* [Task instructions] Count the lines in the records beneath this task that contain the string "linetype", then give the count by itself.
* * * *
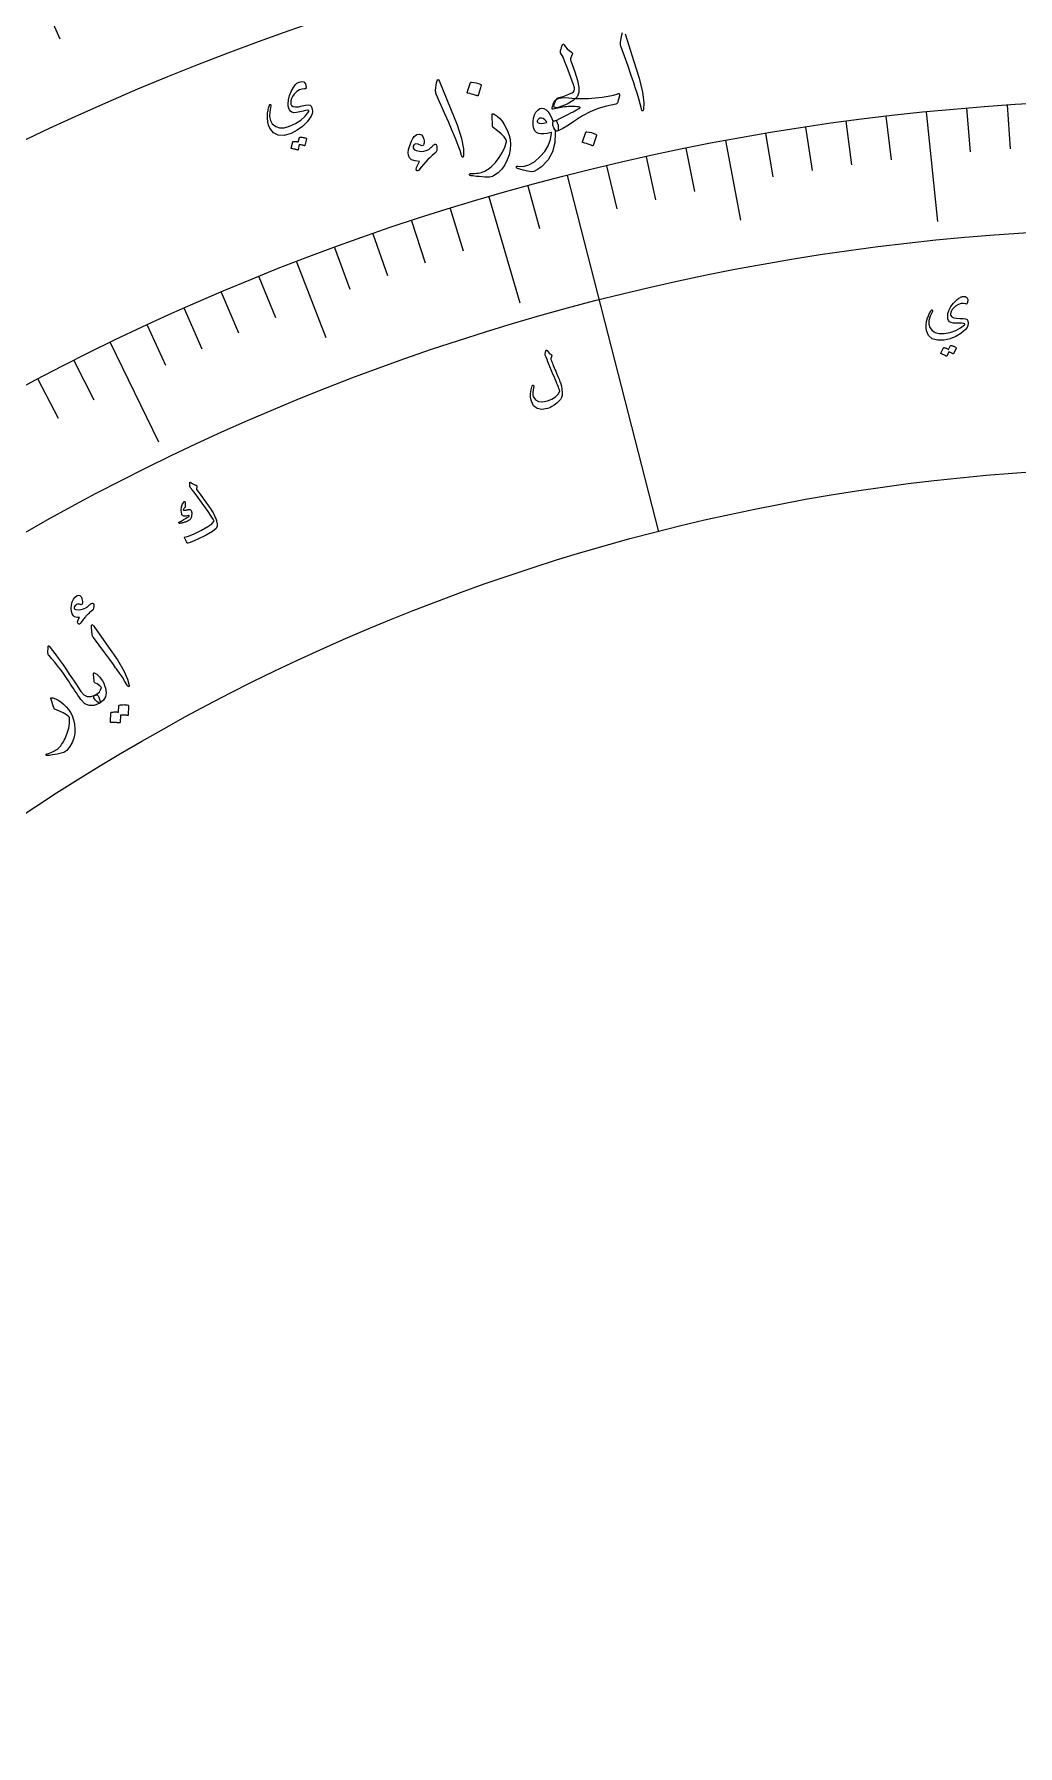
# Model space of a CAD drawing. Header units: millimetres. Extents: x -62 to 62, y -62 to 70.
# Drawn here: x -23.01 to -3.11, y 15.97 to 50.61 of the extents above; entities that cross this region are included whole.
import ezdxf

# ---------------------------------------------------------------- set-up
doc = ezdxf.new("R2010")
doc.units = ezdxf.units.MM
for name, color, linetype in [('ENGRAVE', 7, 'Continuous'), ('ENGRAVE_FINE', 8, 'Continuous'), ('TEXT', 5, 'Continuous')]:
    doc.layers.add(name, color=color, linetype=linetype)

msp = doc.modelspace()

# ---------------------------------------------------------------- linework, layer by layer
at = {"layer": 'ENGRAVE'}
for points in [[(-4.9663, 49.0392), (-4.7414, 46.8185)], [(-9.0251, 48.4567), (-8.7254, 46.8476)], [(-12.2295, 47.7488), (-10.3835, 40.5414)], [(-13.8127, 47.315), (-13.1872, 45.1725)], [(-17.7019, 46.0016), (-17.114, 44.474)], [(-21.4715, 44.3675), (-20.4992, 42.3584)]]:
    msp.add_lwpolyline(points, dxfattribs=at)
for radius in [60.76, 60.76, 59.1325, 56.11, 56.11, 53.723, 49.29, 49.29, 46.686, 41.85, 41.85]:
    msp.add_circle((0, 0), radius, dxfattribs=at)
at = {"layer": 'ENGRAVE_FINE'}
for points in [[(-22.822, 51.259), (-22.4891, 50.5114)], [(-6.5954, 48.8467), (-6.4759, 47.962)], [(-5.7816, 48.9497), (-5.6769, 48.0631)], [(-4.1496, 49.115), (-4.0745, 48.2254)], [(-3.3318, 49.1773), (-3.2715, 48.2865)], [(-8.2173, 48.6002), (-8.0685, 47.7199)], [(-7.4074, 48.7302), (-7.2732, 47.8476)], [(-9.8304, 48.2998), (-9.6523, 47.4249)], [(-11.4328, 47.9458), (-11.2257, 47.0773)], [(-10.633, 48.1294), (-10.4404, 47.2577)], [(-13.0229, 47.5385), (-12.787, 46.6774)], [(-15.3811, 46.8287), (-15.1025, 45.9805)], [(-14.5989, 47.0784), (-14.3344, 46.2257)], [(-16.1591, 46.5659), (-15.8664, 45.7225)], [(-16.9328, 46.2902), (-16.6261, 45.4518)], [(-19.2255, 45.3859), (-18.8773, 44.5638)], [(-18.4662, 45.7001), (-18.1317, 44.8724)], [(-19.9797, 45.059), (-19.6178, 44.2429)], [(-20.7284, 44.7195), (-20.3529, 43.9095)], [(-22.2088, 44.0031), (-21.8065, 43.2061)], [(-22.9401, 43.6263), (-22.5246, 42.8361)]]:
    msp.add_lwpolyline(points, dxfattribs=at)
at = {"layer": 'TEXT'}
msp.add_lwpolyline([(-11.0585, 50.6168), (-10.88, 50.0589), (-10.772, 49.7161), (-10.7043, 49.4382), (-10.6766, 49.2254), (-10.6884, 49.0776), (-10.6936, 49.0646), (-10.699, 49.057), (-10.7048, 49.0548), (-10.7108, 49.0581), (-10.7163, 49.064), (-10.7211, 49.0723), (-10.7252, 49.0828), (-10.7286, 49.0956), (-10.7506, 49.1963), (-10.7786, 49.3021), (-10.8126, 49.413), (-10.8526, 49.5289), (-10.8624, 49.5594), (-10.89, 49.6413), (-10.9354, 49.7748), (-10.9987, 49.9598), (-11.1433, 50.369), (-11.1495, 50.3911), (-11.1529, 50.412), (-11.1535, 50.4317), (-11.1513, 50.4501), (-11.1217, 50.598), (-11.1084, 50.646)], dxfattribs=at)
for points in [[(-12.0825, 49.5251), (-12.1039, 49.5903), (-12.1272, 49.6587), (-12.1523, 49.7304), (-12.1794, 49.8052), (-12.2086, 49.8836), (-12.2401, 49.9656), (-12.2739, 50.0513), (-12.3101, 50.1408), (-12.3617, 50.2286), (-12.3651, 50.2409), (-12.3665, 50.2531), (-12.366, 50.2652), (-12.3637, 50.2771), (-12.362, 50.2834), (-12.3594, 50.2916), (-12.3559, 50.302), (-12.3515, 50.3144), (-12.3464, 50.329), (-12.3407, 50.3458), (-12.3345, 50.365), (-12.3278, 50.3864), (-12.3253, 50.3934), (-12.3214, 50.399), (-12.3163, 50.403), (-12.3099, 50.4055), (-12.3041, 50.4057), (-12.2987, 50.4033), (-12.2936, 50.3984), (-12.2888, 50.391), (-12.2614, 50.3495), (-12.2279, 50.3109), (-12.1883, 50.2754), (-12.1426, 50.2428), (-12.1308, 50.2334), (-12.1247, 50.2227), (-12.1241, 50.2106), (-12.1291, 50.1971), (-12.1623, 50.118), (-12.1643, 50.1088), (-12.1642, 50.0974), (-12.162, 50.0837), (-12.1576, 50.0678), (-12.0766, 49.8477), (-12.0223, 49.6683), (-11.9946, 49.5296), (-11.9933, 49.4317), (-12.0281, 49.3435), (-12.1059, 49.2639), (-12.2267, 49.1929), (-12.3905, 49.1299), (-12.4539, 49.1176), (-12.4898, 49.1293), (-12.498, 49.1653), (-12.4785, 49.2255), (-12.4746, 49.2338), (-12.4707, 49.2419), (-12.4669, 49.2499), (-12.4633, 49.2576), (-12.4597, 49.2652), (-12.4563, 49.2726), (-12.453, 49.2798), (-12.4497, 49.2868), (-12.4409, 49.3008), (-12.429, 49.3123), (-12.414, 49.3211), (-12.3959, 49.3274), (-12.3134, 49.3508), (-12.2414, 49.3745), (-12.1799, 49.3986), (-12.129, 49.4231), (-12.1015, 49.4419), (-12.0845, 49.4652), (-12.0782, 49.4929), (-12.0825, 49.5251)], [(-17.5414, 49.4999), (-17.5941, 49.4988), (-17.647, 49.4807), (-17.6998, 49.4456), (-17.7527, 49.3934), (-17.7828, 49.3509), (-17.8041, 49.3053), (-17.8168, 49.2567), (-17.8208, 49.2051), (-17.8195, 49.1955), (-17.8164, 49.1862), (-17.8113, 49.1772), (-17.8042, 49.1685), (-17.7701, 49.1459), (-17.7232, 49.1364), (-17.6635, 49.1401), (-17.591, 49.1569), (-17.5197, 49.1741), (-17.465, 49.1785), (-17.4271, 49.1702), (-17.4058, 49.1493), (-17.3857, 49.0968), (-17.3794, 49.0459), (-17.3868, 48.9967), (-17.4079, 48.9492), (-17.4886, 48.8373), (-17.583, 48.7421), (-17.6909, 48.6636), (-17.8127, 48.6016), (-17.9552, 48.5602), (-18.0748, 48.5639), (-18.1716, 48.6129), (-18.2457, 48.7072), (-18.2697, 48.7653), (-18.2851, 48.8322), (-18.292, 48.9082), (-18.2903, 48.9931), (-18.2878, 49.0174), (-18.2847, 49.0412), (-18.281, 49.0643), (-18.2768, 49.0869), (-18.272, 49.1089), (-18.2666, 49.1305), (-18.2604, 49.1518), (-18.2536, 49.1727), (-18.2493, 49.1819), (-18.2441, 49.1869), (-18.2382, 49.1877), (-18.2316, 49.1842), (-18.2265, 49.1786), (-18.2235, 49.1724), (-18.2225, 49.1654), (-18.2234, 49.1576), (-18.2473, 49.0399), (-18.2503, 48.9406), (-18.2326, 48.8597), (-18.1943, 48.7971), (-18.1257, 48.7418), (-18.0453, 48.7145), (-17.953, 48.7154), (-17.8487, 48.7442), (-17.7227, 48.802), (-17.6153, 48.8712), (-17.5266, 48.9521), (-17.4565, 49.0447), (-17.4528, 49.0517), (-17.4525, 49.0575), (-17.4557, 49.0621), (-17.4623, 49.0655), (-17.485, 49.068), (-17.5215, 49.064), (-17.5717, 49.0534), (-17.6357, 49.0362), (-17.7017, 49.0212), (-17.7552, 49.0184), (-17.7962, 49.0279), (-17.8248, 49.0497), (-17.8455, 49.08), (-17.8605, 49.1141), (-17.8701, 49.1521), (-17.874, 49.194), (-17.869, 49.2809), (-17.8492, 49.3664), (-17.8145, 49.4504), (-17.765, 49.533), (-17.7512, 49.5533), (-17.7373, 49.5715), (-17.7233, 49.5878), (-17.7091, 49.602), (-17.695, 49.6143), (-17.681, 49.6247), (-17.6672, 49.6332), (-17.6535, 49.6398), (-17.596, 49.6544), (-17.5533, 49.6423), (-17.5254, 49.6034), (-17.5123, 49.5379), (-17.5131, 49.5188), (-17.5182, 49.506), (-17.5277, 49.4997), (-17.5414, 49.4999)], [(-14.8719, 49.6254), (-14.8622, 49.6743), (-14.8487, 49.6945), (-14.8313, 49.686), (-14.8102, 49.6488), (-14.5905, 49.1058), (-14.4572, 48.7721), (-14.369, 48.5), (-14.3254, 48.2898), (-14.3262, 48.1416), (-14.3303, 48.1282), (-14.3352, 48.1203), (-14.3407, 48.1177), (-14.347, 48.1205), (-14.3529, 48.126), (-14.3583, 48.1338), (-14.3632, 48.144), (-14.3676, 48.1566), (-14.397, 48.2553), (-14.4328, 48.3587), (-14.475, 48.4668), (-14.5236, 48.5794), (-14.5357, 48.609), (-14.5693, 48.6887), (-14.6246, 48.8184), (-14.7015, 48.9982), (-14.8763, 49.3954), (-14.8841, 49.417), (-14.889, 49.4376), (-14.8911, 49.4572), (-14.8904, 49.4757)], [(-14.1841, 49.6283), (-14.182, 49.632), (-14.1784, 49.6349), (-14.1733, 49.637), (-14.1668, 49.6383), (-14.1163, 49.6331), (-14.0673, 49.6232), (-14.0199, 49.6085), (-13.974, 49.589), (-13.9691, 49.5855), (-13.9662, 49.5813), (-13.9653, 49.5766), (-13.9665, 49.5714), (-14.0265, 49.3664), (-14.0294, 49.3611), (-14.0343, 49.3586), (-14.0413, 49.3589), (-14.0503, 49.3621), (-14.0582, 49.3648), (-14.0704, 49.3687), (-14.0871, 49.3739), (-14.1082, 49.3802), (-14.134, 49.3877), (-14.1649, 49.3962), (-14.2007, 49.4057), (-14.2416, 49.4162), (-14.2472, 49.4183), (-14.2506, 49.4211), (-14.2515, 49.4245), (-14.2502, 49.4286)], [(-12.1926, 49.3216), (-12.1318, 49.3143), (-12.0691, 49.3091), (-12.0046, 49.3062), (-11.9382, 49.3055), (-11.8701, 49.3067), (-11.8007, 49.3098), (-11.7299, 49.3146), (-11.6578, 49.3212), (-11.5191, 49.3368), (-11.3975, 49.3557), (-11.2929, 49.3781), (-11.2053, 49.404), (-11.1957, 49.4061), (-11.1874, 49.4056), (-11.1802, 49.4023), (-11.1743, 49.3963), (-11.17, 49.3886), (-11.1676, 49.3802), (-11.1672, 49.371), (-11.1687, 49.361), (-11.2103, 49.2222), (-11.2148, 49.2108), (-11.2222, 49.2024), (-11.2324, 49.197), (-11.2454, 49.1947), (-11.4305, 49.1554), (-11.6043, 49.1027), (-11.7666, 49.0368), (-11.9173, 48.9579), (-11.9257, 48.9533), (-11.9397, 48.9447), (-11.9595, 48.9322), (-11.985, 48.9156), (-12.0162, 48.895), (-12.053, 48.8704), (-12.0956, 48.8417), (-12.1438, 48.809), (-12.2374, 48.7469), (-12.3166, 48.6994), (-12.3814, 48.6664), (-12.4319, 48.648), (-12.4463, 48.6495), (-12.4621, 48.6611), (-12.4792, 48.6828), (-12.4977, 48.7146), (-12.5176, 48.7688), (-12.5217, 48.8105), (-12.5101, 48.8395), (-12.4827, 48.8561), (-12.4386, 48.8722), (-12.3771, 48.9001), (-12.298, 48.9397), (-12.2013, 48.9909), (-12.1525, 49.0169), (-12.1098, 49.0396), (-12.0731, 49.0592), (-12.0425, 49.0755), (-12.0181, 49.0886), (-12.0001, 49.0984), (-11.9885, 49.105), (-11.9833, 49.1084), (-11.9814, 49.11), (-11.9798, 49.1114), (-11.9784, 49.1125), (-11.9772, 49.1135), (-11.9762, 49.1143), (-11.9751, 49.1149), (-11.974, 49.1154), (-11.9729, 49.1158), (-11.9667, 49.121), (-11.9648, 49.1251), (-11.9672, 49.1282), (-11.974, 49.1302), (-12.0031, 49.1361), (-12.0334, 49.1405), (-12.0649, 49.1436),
* * * *
* [Result] 2